(Task directions): Restate every line below word for word, but drop each picture.

Material for the task Block Start

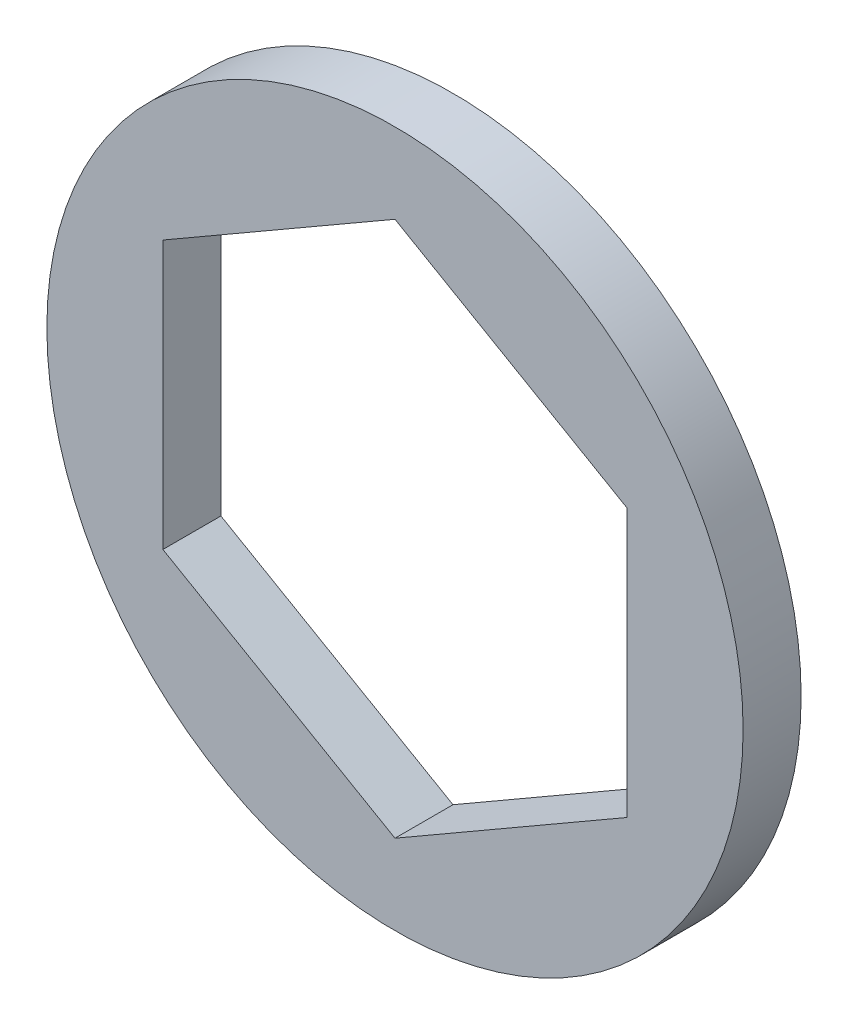
from build123d import *

# Parameters (mm, degrees)
SKETCH1_R           = 9.525
BOSS_EXTRUDE1_DEPTH = 0.79375


with BuildPart() as part:
    # Sketch1 → Boss-Extrude1 (new, symmetric)
    with BuildSketch(Plane.XY):
        Circle(SKETCH1_R)
        Polygon((0, 7.332348419), (-6.35, 3.666174209), (-6.35, -3.666174209), (0, -7.332348419), (6.35, -3.666174209), (6.35, 3.666174209), align=None, mode=Mode.SUBTRACT)
    extrude(amount=BOSS_EXTRUDE1_DEPTH, both=True)


solid = part.part

Material for the task Block End

(Result for this exercise):
from build123d import *

# Parameters (mm, degrees)
SKETCH1_R           = 9.525
BOSS_EXTRUDE1_DEPTH = 0.79375


with BuildPart() as part:
    # Sketch1 → Boss-Extrude1 (new, symmetric)
    with BuildSketch(Plane.XY):
        Circle(SKETCH1_R)
        Polygon((0, 7.332348419), (-6.35, 3.666174209), (-6.35, -3.666174209), (0, -7.332348419), (6.35, -3.666174209), (6.35, 3.666174209), align=None, mode=Mode.SUBTRACT)
    extrude(amount=BOSS_EXTRUDE1_DEPTH, both=True)


solid = part.part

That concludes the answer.